The same principle applies to any tags with a src attribute – the browser loads the the file, and the relative vs. absolute thing applies. If you get into JavaScript, then you’ll probably write your fancy scripty stuff in a file on its own, and then use the <script> tag with a src attribute to get your browser to load the script content from the file into your page. HTML anchors (the <a> tag) use href as an attribute, which also specifies a relative or absolute location.
Decisions, Decisions…
So which should you use? As with pretty much anything else to do with computers, it depends.
Absolute links are easier to understand because you don’t need to think about where the page being rendered happens to live – the downside is that you can’t deploy the website feature that uses those files as a nice neat tar or zip archive.

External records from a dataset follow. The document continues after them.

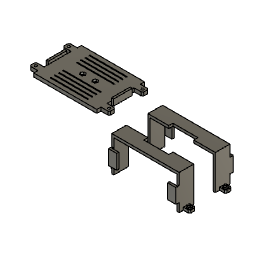
updown_converter_mount (Autodesk Fusion 360 design; units mm, degrees)
Autodesk Fusion 360 part; units mm, degrees
sketch "Sketch1" plane through (0, 0, 0) normal (0, 0, 1) x (1, 0, 0)
  line L0 (0, 0) -> (151.9, 0)
  line L1 (151.9, 0) -> (151.9, -114.75)
  line L2 (151.9, -114.75) -> (0, -114.75)
  line L3 (0, -114.75) -> (0, 0)
  line L4 (0, -10) -> (-5, -10)
  line L5 (-5, -10) -> (-5, -25)
  line L6 (-5, -25) -> (0, -25)
  line L7 (0, -25) -> (0, -10)
  line L8 (-5, -10) -> (-20, -10)
  line L9 (-20, -10) -> (-20, -25)
  line L10 (-20, -25) -> (-5, -25)
  line L11 (-5, -25) -> (-5, -10)
  line L12 (0, -104.75) -> (-5, -104.75)
  line L13 (-5, -104.75) -> (-5, -89.75)
  line L14 (-5, -89.75) -> (0, -89.75)
  line L15 (0, -89.75) -> (0, -104.75)
  line L16 (-5, -89.75) -> (-20, -89.75)
  line L17 (-20, -89.75) -> (-20, -104.75)
  line L18 (-20, -104.75) -> (-5, -104.75)
  line L19 (-5, -104.75) -> (-5, -89.75)
  line L20 (151.9, -10) -> (156.9, -10)
  line L21 (156.9, -10) -> (156.9, -25)
  line L22 (156.9, -25) -> (151.9, -25)
  line L23 (151.9, -25) -> (151.9, -10)
  line L24 (156.9, -10) -> (171.9, -10)
  line L25 (171.9, -10) -> (171.9, -25)
  line L26 (171.9, -25) -> (156.9, -25)
  line L27 (156.9, -25) -> (156.9, -10)
  line L28 (151.9, -104.9495) -> (156.9, -104.9495)
  line L29 (156.9, -104.9495) -> (156.9, -89.9495)
  line L30 (156.9, -89.9495) -> (151.9, -89.9495)
  line L31 (151.9, -89.9495) -> (151.9, -104.9495)
  line L32 (156.9, -89.9495) -> (171.9, -89.9495)
  line L33 (171.9, -89.9495) -> (171.9, -104.9495)
  line L34 (171.9, -104.9495) -> (156.9, -104.9495)
  line L35 (156.9, -104.9495) -> (156.9, -89.9495)
  line L36 (-15.5, -22.6962) -> (-9.5, -22.6962)
  line L37 (-9.5, -22.6962) -> (-6.5, -17.5)
  line L38 (-6.5, -17.5) -> (-9.5, -12.3038)
  line L39 (-9.5, -12.3038) -> (-15.5, -12.3038)
  line L40 (-15.5, -12.3038) -> (-18.5, -17.5)
  line L41 (-18.5, -17.5) -> (-15.5, -22.6962)
  line L42 (-15.5, -22.6962) -> (-9, -22.6962) construction
  circle A0 centre (-12.5, -17.5) radius 3.05
  line L43 (-15.5, -102.4462) -> (-9.5, -102.4462)
  line L44 (-9.5, -102.4462) -> (-6.5, -97.25)
  line L45 (-6.5, -97.25) -> (-9.5, -92.0538)
  line L46 (-9.5, -92.0538) -> (-15.5, -92.0538)
  line L47 (-15.5, -92.0538) -> (-18.5, -97.25)
  line L48 (-18.5, -97.25) -> (-15.5, -102.4462)
  line L49 (-15.5, -102.4462) -> (-16.9999, -102.4462) construction
  circle A1 centre (-12.5, -97.25) radius 3.05
  line L50 (161.4, -22.6962) -> (167.4, -22.6962)
  line L51 (167.4, -22.6962) -> (170.4, -17.5)
  line L52 (170.4, -17.5) -> (167.4, -12.3038)
  line L53 (167.4, -12.3038) -> (161.4, -12.3038)
  line L54 (161.4, -12.3038) -> (158.4, -17.5)
  line L55 (158.4, -17.5) -> (161.4, -22.6962)
  line L56 (161.4, -22.6962) -> (166, -22.6962) construction
  circle A2 centre (164.4, -17.5) radius 3.05
  line L57 (161.4, -102.6456) -> (167.4, -102.6456)
  line L58 (167.4, -102.6456) -> (170.4, -97.4495)
  line L59 (170.4, -97.4495) -> (167.4, -92.2533)
  line L60 (167.4, -92.2533) -> (161.4, -92.2533)
  line L61 (161.4, -92.2533) -> (158.4, -97.4495)
  line L62 (158.4, -97.4495) -> (161.4, -102.6456)
  line L63 (161.4, -102.6456) -> (167.4, -102.6456) construction
  circle A3 centre (164.4, -97.4495) radius 3.05
  line L64 (0, -35) -> (-5, -35)
  line L65 (-5, -35) -> (-5, -79.75)
  line L66 (-5, -79.75) -> (0, -79.75)
  line L67 (0, -79.75) -> (0, -35)
  line L68 (151.9, -35) -> (156.9, -35)
  line L69 (156.9, -35) -> (156.9, -79.75)
  line L70 (156.9, -79.75) -> (151.9, -79.75)
  line L71 (151.9, -79.75) -> (151.9, -35)
  line L72 (25, -57.375) -> (50, -57.375)
  line L73 (50, -57.375) -> (151.9, -57.375)
  line L74 (25, -57.375) -> (0, -57.375)
  line L75 (57.95, -62.5712) -> (63.95, -62.5712)
  line L76 (63.95, -62.5712) -> (66.95, -57.375)
  line L77 (66.95, -57.375) -> (63.95, -52.1788)
  line L78 (63.95, -52.1788) -> (57.95, -52.1788)
  line L79 (57.95, -52.1788) -> (54.95, -57.375)
  line L80 (54.95, -57.375) -> (57.95, -62.5712)
  line L81 (57.95, -62.5712) -> (57.8661, -62.5712) construction
  line L82 (87.95, -62.5712) -> (93.95, -62.5712)
  line L83 (93.95, -62.5712) -> (96.95, -57.375)
  line L84 (96.95, -57.375) -> (93.95, -52.1788)
  line L85 (93.95, -52.1788) -> (87.95, -52.1788)
  line L86 (87.95, -52.1788) -> (84.95, -57.375)
  line L87 (84.95, -57.375) -> (87.95, -62.5712)
  line L88 (87.95, -62.5712) -> (94.0688, -62.5712) construction
  circle A4 centre (60.95, -57.375) radius 3.05
  circle A5 centre (90.95, -57.375) radius 3.05
  line L89 (30, -40) -> (120, -40)
  line L90 (120, -40) -> (120, -42)
  line L91 (120, -42) -> (30, -42)
  line L92 (30, -42) -> (30, -40)
  line L93 (30, -30) -> (120, -30)
  line L94 (120, -30) -> (120, -32)
  line L95 (120, -32) -> (30, -32)
  line L96 (30, -32) -> (30, -30)
  line L97 (30, -20) -> (120, -20)
  line L98 (120, -20) -> (120, -22)
  line L99 (120, -22) -> (30, -22)
  line L100 (30, -22) -> (30, -20)
  line L101 (30, -10) -> (120, -10)
  line L102 (120, -10) -> (120, -12)
  line L103 (120, -12) -> (30, -12)
  line L104 (30, -12) -> (30, -10)
  line L105 (30, -75) -> (120, -75)
  line L106 (120, -75) -> (120, -73)
  line L107 (120, -73) -> (30, -73)
  line L108 (30, -73) -> (30, -75)
  line L109 (30, -85) -> (120, -85)
  line L110 (120, -85) -> (120, -83)
  line L111 (120, -83) -> (30, -83)
  line L112 (30, -83) -> (30, -85)
  line L113 (30, -95) -> (120, -95)
  line L114 (120, -95) -> (120, -93)
  line L115 (120, -93) -> (30, -93)
  line L116 (30, -93) -> (30, -95)
  line L117 (30, -105) -> (120, -105)
  line L118 (120, -105) -> (120, -103)
  line L119 (120, -103) -> (30, -103)
  line L120 (30, -103) -> (30, -105)
  point P0 (-12.5, -17.5)
  point P1 (-12.5, -97.25)
  point P2 (164.4, -17.5)
  point P3 (164.4, -97.4495)
  point P4 (60.95, -57.375)
  point P5 (90.95, -57.375)
  dimension "d1" = 151.9
  dimension "d2" = 114.75
  dimension "d4" = 15
  dimension "d5" = 5
  dimension "d6" = 15
  dimension "d7" = 15
  dimension "d8" = 15
  dimension "d10" = 5
  dimension "d11" = 15
  dimension "d12" = 15
  dimension "d13" = 15
  dimension "d14" = 6
  dimension "d15" = 0
  dimension "d17" = 7.5
  dimension "d18" = 7.5
  dimension "d19" = 6.1
  dimension "d20" = 6
  dimension "d21" = 0
  dimension "d22" = 7.5
  dimension "d23" = 7.5
  dimension "d24" = 6.1
  dimension "d25" = 6
  dimension "d26" = 0
  dimension "d27" = 7.5
  dimension "d28" = 7.5
  dimension "d29" = 6.1
  dimension "d30" = 6
  dimension "d31" = 0
  dimension "d32" = 7.5
  dimension "d33" = 7.5
  dimension "d34" = 6.1
  dimension "d37" = 10
  dimension "d38" = 5
  dimension "d39" = 44.75
  dimension "d40" = 10
  dimension "d42" = 57.375
  dimension "d44" = 6
  dimension "d45" = 0
  dimension "d48" = 6
  dimension "d49" = 0
  dimension "d51" = 6.1
  dimension "d52" = 6.1
  dimension "d53" = 90
  dimension "d54" = 2
  dimension "d55" = 90
  dimension "d56" = 2
  dimension "d57" = 90
  dimension "d58" = 2
  dimension "d59" = 90
  dimension "d60" = 2
  dimension "d61" = 90
  dimension "d62" = 2
  dimension "d63" = 90
  dimension "d64" = 2
  dimension "d65" = 90
  dimension "d66" = 2
  dimension "d67" = 90
  dimension "d68" = 2
  constraint horizontal L0
  constraint vertical L1
  constraint horizontal L2
  constraint vertical L3
  constraint coincident L0.start L3.end
  constraint horizontal L4
  constraint vertical L5
  constraint horizontal L6
  constraint vertical L7
  constraint coincident L3 L4.start
  constraint horizontal L8
  constraint vertical L9
  constraint horizontal L10
  constraint vertical L11
  constraint horizontal L12
  constraint vertical L13
  constraint horizontal L14
  constraint vertical L15
  constraint coincident L3 L12.start
  constraint horizontal L16
  constraint vertical L17
  constraint horizontal L18
  constraint vertical L19
  constraint horizontal L20
  constraint vertical L21
  constraint horizontal L22
  constraint vertical L23
  constraint coincident L1 L20.start
  constraint horizontal L24
  constraint vertical L25
  constraint horizontal L26
  constraint vertical L27
  constraint horizontal L28
  constraint vertical L29
  constraint horizontal L30
  constraint vertical L31
  constraint coincident L1 L28.start
  constraint horizontal L32
  constraint vertical L33
  constraint horizontal L34
  constraint vertical L35
  constraint horizontal L42
  constraint coincident P0 A0.centre
  constraint horizontal L49
  constraint coincident P1 A1.centre
  constraint horizontal L56
  constraint coincident P2 A2.centre
  constraint horizontal L63
  constraint coincident P3 A3.centre
  constraint horizontal L64
  constraint vertical L65
  constraint horizontal L66
  constraint vertical L67
  constraint coincident L3 L64.start
  constraint horizontal L68
  constraint vertical L69
  constraint horizontal L70
  constraint vertical L71
  constraint coincident L1 L68.start
  constraint horizontal L72
  constraint midpoint L71 L73.end
  constraint perpendicular L71 L73
  constraint midpoint L67 L74.end
  constraint perpendicular L67 L74
  constraint horizontal L81
  constraint coincident L73 P4
  constraint horizontal L88
  constraint coincident L73 P5
  constraint coincident P4 A4.centre
  constraint coincident P5 A5.centre
  constraint horizontal L89
  constraint vertical L90
  constraint horizontal L91
  constraint vertical L92
  constraint horizontal L93
  constraint vertical L94
  constraint horizontal L95
  constraint vertical L96
  constraint horizontal L97
  constraint vertical L98
  constraint horizontal L99
  constraint vertical L100
  constraint horizontal L101
  constraint vertical L102
  constraint horizontal L103
  constraint vertical L104
  constraint horizontal L105
  constraint vertical L106
  constraint horizontal L107
  constraint vertical L108
  constraint horizontal L109
  constraint vertical L110
  constraint horizontal L111
  constraint vertical L112
  constraint horizontal L113
  constraint vertical L114
  constraint horizontal L115
  constraint vertical L116
  constraint horizontal L117
  constraint vertical L118
  constraint horizontal L119
  constraint vertical L120
  measures "d1" distance of L0.start L0.end
  measures "d2" distance of L0.start L2.end
  measures "d4" distance of L13.end L12.end
  measures "d5" distance of L20.start L20.end
  measures "d6" distance of L20.start L22.end
  measures "d7" distance of L20.end L24.end
  measures "d8" distance of L20.end L21.end
  measures "d10" distance of L28.start L28.end
  measures "d11" distance of L28.start L30.end
  measures "d12" distance of L29.end L32.end
  measures "d13" distance of L29.end L28.end
  measures "d14" distance of L36.start L36.end
  measures "d15" angle of L36 L42
  measures "d17" distance of L8 P0
  measures "d18" distance of L9 P0
  measures "d19" diameter of A0
  measures "d20" distance of L43.start L43.end
  measures "d21" angle of L43 L49
  measures "d22" distance of L16 P1
  measures "d23" distance of L17 P1
  measures "d24" diameter of A1
  measures "d25" distance of L50.start L50.end
  measures "d26" angle of L50 L56
  measures "d27" distance of L24 P2
  measures "d28" distance of L25 P2
  measures "d29" diameter of A2
  measures "d30" distance of L57.start L57.end
  measures "d31" angle of L57 L63
  measures "d32" distance of L33 P3
  measures "d33" distance of L32 P3
  measures "d34" diameter of A3
  measures "d37" distance of L6 L64
  measures "d38" distance of L68.start L68.end
  measures "d39" distance of L68.start L70.end
  measures "d40" distance of L22 L68
  measures "d42" distance of L0 L72
  measures "d44" distance of L75.start L75.end
  measures "d45" angle of L75 L81
  measures "d48" distance of L82.start L82.end
  measures "d49" angle of L82 L88
  measures "d51" diameter of A4
  measures "d52" diameter of A5
  measures "d53" distance of L89.start L89.end
  measures "d54" distance of L89.start L91.end
  measures "d55" distance of L93.start L93.end
  measures "d56" distance of L93.start L95.end
  measures "d57" distance of L97.start L97.end
  measures "d58" distance of L97.start L99.end
  measures "d59" distance of L101.start L101.end
  measures "d60" distance of L101.start L103.end
  measures "d61" distance of L105.start L105.end
  measures "d62" distance of L105.start L107.end
  measures "d63" distance of L109.start L109.end
  measures "d64" distance of L109.start L111.end
  measures "d65" distance of L113.start L113.end
  measures "d66" distance of L113.start L115.end
  measures "d67" distance of L117.start L117.end
  measures "d68" distance of L117.start L119.end
extrude "Extrude1" add sketch "Sketch1" along normal blind 8.35 contours L0 L1 L3 L7 L23 L67 L71 L72 L73 L74 L77 L78 L79 L84 L85 L86 | L3 L4 L5 L6 L7 L11 | L1 L20 L21 L22 L23 L27 | L5 L8 L9 L10 L11 | L21 L24 L25 L26 L27 | L1 L2 L3 L15 L31 L67 L71 L72 L73 L74 L75 L76 L80 L82 L83 L87 | L3 L12 L13 L14 L15 L19 | L1 L28 L29 L30 L31 L35 | L13 L16 L17 L18 L19 | L29 L32 L33 L34 L35 | L36 L37 L38 L39 L40 L41 | L43 L44 L45 L46 L47 L48 | L50 L51 L52 L53 L54 L55 | L57 L58 L59 L60 L61 L62 makes body 1
extrude "Extrude2" add sketch "Sketch1" along normal blind 3.25 contours L73 L82 L83 L87 A5 | L73 L84 L85 L86 A5 | L73 L77 L78 L79 A4 | L73 L75 L76 L80 A4 bodies 1
extrude "Extrude3" add sketch "Sketch1" along normal blind 15 contours L3 L64 L65 L66 L67 | L1 L68 L69 L70 L71 bodies 1
chamfer "Chamfer1" distance 3 angle 45 8 edges at (-20, -104.75, 4.175) (-20, -89.75, 4.175) (-20, -25, 4.175) (-20, -10, 4.175) (171.9, -10, 4.175) (171.9, -25, 4.175) (171.9, -104.9495, 4.175) (171.9, -89.9495, 4.175) on bodies 1
sketch "Sketch3" plane through (0, 0, 0) normal (0, 0, 1) x (1, 0, 0)
  line L0 (225, -25) -> (376.9, -25)
  line L1 (376.9, -25) -> (376.9, -60)
  line L2 (376.9, -60) -> (225, -60)
  line L3 (225, -60) -> (225, -25)
  line L4 (270, -60) -> (330, -60)
  line L5 (330, -60) -> (330, -50)
  line L6 (330, -50) -> (270, -50)
  line L7 (270, -50) -> (270, -60)
  line L8 (225, -25) -> (220, -25)
  line L9 (220, -25) -> (220, -60)
  line L10 (220, -60) -> (225, -60)
  line L11 (225, -60) -> (225, -25)
  line L12 (376.9, -25) -> (381.9, -25)
  line L13 (381.9, -25) -> (381.9, -60)
  line L14 (381.9, -60) -> (376.9, -60)
  line L15 (376.9, -60) -> (376.9, -25)
  dimension "d76" = 151.9
  dimension "d78" = 5
  dimension "d79" = 35
  dimension "d80" = 5
  dimension "d81" = 35
  constraint horizontal L0
  constraint vertical L1
  constraint horizontal L2
  constraint vertical L3
  constraint horizontal L4
  constraint vertical L5
  constraint horizontal L6
  constraint vertical L7
  constraint coincident L2 L4.start
  constraint horizontal L8
  constraint vertical L9
  constraint horizontal L10
  constraint vertical L11
  constraint horizontal L12
  constraint vertical L13
  constraint horizontal L14
  constraint vertical L15
  measures "d76" distance of L0.start L0.end
  measures "d78" distance of L0.start L8.end
  measures "d79" distance of L0.start L2.end
  measures "d80" distance of L0.end L12.end
  measures "d81" distance of L0.end L1.end
extrude "Extrude4" add sketch "Sketch3" along normal blind 6.35 separate body contours L0 L1 L2 L3 L5 L6 L7 L11 L15 | L3 L8 L9 L10 L11 | L1 L12 L13 L14 L15 makes body 2
extrude "Extrude5" add sketch "Sketch3" against normal blind 77.25 contours L3 L8 L9 L10 L11 | L1 L12 L13 L14 L15 bodies 2
sketch "Sketch4" plane through (381.9, 0, 0) normal (1, 0, 0) x (0, 1, 0)
  line L0 (-25, -77.25) -> (-25, 6.35)
  line L1 (-25, 6.35) -> (-60, 6.35)
  line L2 (-60, 6.35) -> (-60, -77.25)
  line L3 (-60, -77.25) -> (-25, -77.25)
  line L4 (-60, -77.25) -> (-25, -77.25)
  line L5 (-25, -77.25) -> (-25, -70.9)
  line L6 (-25, -70.9) -> (-60, -70.9)
  line L7 (-60, -70.9) -> (-60, -77.25)
  line L8 (-50, -77.25) -> (-35, -77.25)
  line L9 (-35, -77.25) -> (-35, -70.9)
  line L10 (-35, -70.9) -> (-50, -70.9)
  line L11 (-50, -70.9) -> (-50, -77.25)
  dimension "d86" = 6.35
  dimension "d87" = 15
  dimension "d88" = 10
  constraint horizontal L4
  constraint vertical L5
  constraint horizontal L6
  constraint vertical L7
  constraint coincident L0 L5.end
  constraint coincident L2.end L3.start
  constraint horizontal L8
  constraint vertical L9
  constraint horizontal L10
  constraint vertical L11
  constraint coincident L3 L8.start
  measures "d86" distance of L2.end L6.end
  measures "d87" distance of L8.start L8.end
  measures "d88" distance of L7 L11
extrude "Extrude6" add sketch "Sketch4" along normal blind 15 contours L3 L4 L6 L8 L9 L10 L11 bodies 2
sketch "Sketch5" plane through (0, 0, -70.9) normal (0, 0, 1) x (-1, 0, 0)
  line L0 (-381.9, 35) -> (-381.9, 50)
  line L1 (-381.9, 50) -> (-396.9, 50)
  line L2 (-396.9, 50) -> (-396.9, 35)
  line L3 (-396.9, 35) -> (-381.9, 35)
  line L4 (-386.4, 47.6962) -> (-392.4, 47.6962)
  line L5 (-392.4, 47.6962) -> (-395.4, 42.5)
  line L6 (-395.4, 42.5) -> (-392.4, 37.3038)
  line L7 (-392.4, 37.3038) -> (-386.4, 37.3038)
  line L8 (-386.4, 37.3038) -> (-383.4, 42.5)
  line L9 (-383.4, 42.5) -> (-386.4, 47.6962)
  line L10 (-386.4, 47.6962) -> (-380.4, 47.6962) construction
  circle A0 centre (-389.4, 42.5) radius 3.05
  point P0 (-389.4, 42.5)
  dimension "d91" = 6
  dimension "d93" = 7.5
  dimension "d94" = 7.5
  dimension "d95" = 6.1
  constraint horizontal L10
  constraint coincident P0 A0.centre
  measures "d91" distance of L4.start L4.end
  measures "d93" distance of L1 P0
  measures "d94" distance of L2 P0
  measures "d95" diameter of A0
extrude "Extrude7" cut sketch "Sketch5" against normal blind 6.35 contours A0 bodies 2
extrude "Extrude8" cut sketch "Sketch5" against normal blind 3 contours L4 L5 L6 L7 L8 L9 bodies 2
sketch "Sketch6" plane through (220, 0, 0) normal (-1, 0, 0) x (0, -1, 0)
  line L0 (60, -77.25) -> (60, 6.35)
  line L1 (60, 6.35) -> (25, 6.35)
  line L2 (25, 6.35) -> (25, -77.25)
  line L3 (25, -77.25) -> (60, -77.25)
  line L4 (35, -77.25) -> (50, -77.25)
  line L5 (50, -77.25) -> (50, -70.9)
  line L6 (50, -70.9) -> (35, -70.9)
  line L7 (35, -70.9) -> (35, -77.25)
  dimension "d100" = 15
  dimension "d101" = 6.35
  dimension "d102" = 10
  constraint horizontal L4
  constraint vertical L5
  constraint horizontal L6
  constraint vertical L7
  constraint coincident L3 L4.start
  measures "d100" distance of L4.start L4.end
  measures "d101" distance of L4.start L6.end
  measures "d102" distance of L0 L5
extrude "Extrude9" add sketch "Sketch6" along normal blind 15 contours L3 L4 L5 L6 L7 bodies 2
sketch "Sketch7" plane through (0, 0, -70.9) normal (0, 0, 1) x (-1, 0, 0)
  line L0 (-220, 50) -> (-220, 35)
  line L1 (-220, 35) -> (-205, 35)
  line L2 (-205, 35) -> (-205, 50)
  line L3 (-205, 50) -> (-220, 50)
  line L4 (-209.5, 47.6962) -> (-215.5, 47.6962)
  line L5 (-215.5, 47.6962) -> (-218.5, 42.5)
  line L6 (-218.5, 42.5) -> (-215.5, 37.3038)
  line L7 (-215.5, 37.3038) -> (-209.5, 37.3038)
  line L8 (-209.5, 37.3038) -> (-206.5, 42.5)
  line L9 (-206.5, 42.5) -> (-209.5, 47.6962)
  circle A0 centre (-212.5, 42.5) radius 3.05
  point P0 (-212.5, 42.5)
  dimension "d105" = 6
  dimension "d107" = 7.5
  dimension "d108" = 7.5
  dimension "d109" = 6.1
  constraint coincident P0 A0.centre
  measures "d105" distance of L4.start L4.end
  measures "d107" distance of L3 P0
  measures "d108" distance of L2 P0
  measures "d109" diameter of A0
extrude "Extrude10" cut sketch "Sketch7" against normal blind 6.35 contours A0 bodies 2
extrude "Extrude11" cut sketch "Sketch7" against normal blind 3 contours L4 L5 L6 L7 L8 L9 bodies 2
sketch "Sketch8" plane through (0, -25, 0) normal (0, 1, 0) x (-1, 0, 0)
  line L0 (-220, -77.25) -> (-220, 6.35)
  line L1 (-220, 6.35) -> (-381.9, 6.35)
  line L2 (-381.9, 6.35) -> (-381.9, -77.25)
  line L3 (-381.9, -77.25) -> (-376.9, -77.25)
  line L4 (-376.9, -77.25) -> (-376.9, 0)
  line L5 (-376.9, 0) -> (-225, 0)
  line L6 (-225, 0) -> (-225, -77.25)
  line L7 (-225, -77.25) -> (-220, -77.25)
  line L8 (-381.9, -21.125) -> (-376.9, -21.125)
  line L9 (-376.9, -21.125) -> (-376.9, -56.125)
  line L10 (-376.9, -56.125) -> (-381.9, -56.125)
  line L11 (-381.9, -56.125) -> (-381.9, -21.125)
  line L12 (-225, -56.125) -> (-220, -56.125)
  line L13 (-220, -56.125) -> (-220, -21.125)
  line L14 (-220, -21.125) -> (-225, -21.125)
  line L15 (-225, -21.125) -> (-225, -56.125)
  dimension "d114" = 35
  dimension "d115" = 21.125
  dimension "d116" = 35
  dimension "d117" = 21.125
  constraint horizontal L8
  constraint vertical L9
  constraint horizontal L10
  constraint vertical L11
  constraint coincident L2 L8.start
  constraint horizontal L12
  constraint vertical L13
  constraint horizontal L14
  constraint vertical L15
  constraint coincident L6 L12.start
  measures "d114" distance of L8.start L10.end
  measures "d115" distance of L3 L10
  measures "d116" distance of L12.start L14.end
  measures "d117" distance of L7 L12
extrude "Extrude12" add sketch "Sketch8" along normal blind 8 contours L0 L6 L12 L13 L14 L15 | L2 L4 L8 L9 L10 L11 bodies 2
sketch "Sketch9" plane through (376.9, 0, 0) normal (-1, 0, 0) x (0, -1, 0)
  line L0 (60, 0) -> (25, 0)
  line L1 (25, 0) -> (25, -21.125)
  line L2 (25, -21.125) -> (17, -21.125)
  line L3 (17, -21.125) -> (17, -56.125)
  line L4 (17, -56.125) -> (25, -56.125)
  line L5 (25, -56.125) -> (25, -77.25)
  line L6 (25, -77.25) -> (60, -77.25)
  line L7 (60, -77.25) -> (60, 0)
  line L8 (17, -21.125) -> (22, -21.125)
  line L9 (22, -21.125) -> (22, -56.125)
  line L10 (22, -56.125) -> (17, -56.125)
  line L11 (17, -56.125) -> (17, -21.125)
  line L12 (22, -21.125) -> (25, -21.125)
  line L13 (25, -21.125) -> (25, -56.125)
  line L14 (25, -56.125) -> (22, -56.125)
  line L15 (22, -56.125) -> (22, -21.125)
  dimension "d120" = 5
  constraint horizontal L8
  constraint vertical L9
  constraint horizontal L10
  constraint vertical L11
  constraint coincident L2.end L3.start
  constraint horizontal L12
  constraint vertical L13
  constraint horizontal L14
  constraint vertical L15
  constraint coincident L4.end L5.start
  measures "d120" distance of L2.end L8.end
extrude "Extrude13" add sketch "Sketch9" along normal blind 15 contours L2 L3 L4 L8 L9 L10 L11 L15 bodies 2
extrude "Extrude14" cut sketch "Sketch9" against normal blind 2 contours L2 L4 L9 L12 L13 L14 L15 bodies 2
sketch "Sketch10" plane through (225, 0, 0) normal (1, 0, 0) x (0, 1, 0)
  line L0 (-25, 0) -> (-60, 0)
  line L1 (-60, 0) -> (-60, -77.25)
  line L2 (-60, -77.25) -> (-25, -77.25)
  line L3 (-25, -77.25) -> (-25, -56.125)
  line L4 (-25, -56.125) -> (-17, -56.125)
  line L5 (-17, -56.125) -> (-17, -21.125)
  line L6 (-17, -21.125) -> (-25, -21.125)
  line L7 (-25, -21.125) -> (-25, 0)
  line L8 (-17, -21.125) -> (-22, -21.125)
  line L9 (-22, -21.125) -> (-22, -56.125)
  line L10 (-22, -56.125) -> (-17, -56.125)
  line L11 (-17, -56.125) -> (-17, -21.125)
  line L12 (-25, -21.125) -> (-22, -21.125)
  line L13 (-22, -21.125) -> (-22, -56.125)
  line L14 (-22, -56.125) -> (-25, -56.125)
  line L15 (-25, -56.125) -> (-25, -21.125)
  dimension "d125" = 5
  constraint horizontal L8
  constraint vertical L9
  constraint horizontal L10
  constraint vertical L11
  constraint coincident L5.end L6.start
  constraint horizontal L12
  constraint vertical L13
  constraint horizontal L14
  constraint vertical L15
  constraint coincident L6.end L7.start
  measures "d125" distance of L5.end L8.end
extrude "Extrude15" add sketch "Sketch10" along normal blind 15 contours L4 L5 L6 L8 L9 L10 L11 L13 bodies 2
extrude "Extrude16" cut sketch "Sketch10" against normal blind 2 contours L4 L6 L9 L12 L13 L14 L15 bodies 2
chamfer "Chamfer2" distance 3 angle 45 4 edges at (205, -35, -74.075) (205, -50, -74.075) (396.9, -50, -74.075) (396.9, -35, -74.075) on bodies 2
copy_body "CopyPasteBodies1" bodies 2 makes body 3
move_body "Move1" bodies 3 to x (-1, 0, 0) y (0, -1, 0) z (0, 0, 1) at (600, -170, 0)
equation "d118 = 5 mm + 2.5 mm + 0.5 mm"

You’d use relative links if you needed to package up your snazzy new file upload feature or whatever so that it could just be deployed onto any site – however if you do use relative links, you have to be careful where you put your HTML files so that those links work.
And on the Server-Side
Although in the case of problems with these HTML tags, anything happening on the server-side (most likely PHP or PERL code that’s writing out the HTML to be sent to the browser) is a red herring, the same relative vs. absolute path idea applies for resources you’re including in your code. In this case, the equivalent of Document Root is ‘/’ for UNIX-type systems and something like ‘C:’ for Windows, but the same stuff applies as to how you can locate resources you need when your code runs.
That’s all Folks
That’s all I got on the subject – try googling relative and absolute for other perspectives. Hopefully if you found this post it was of some use to you. Have a good one!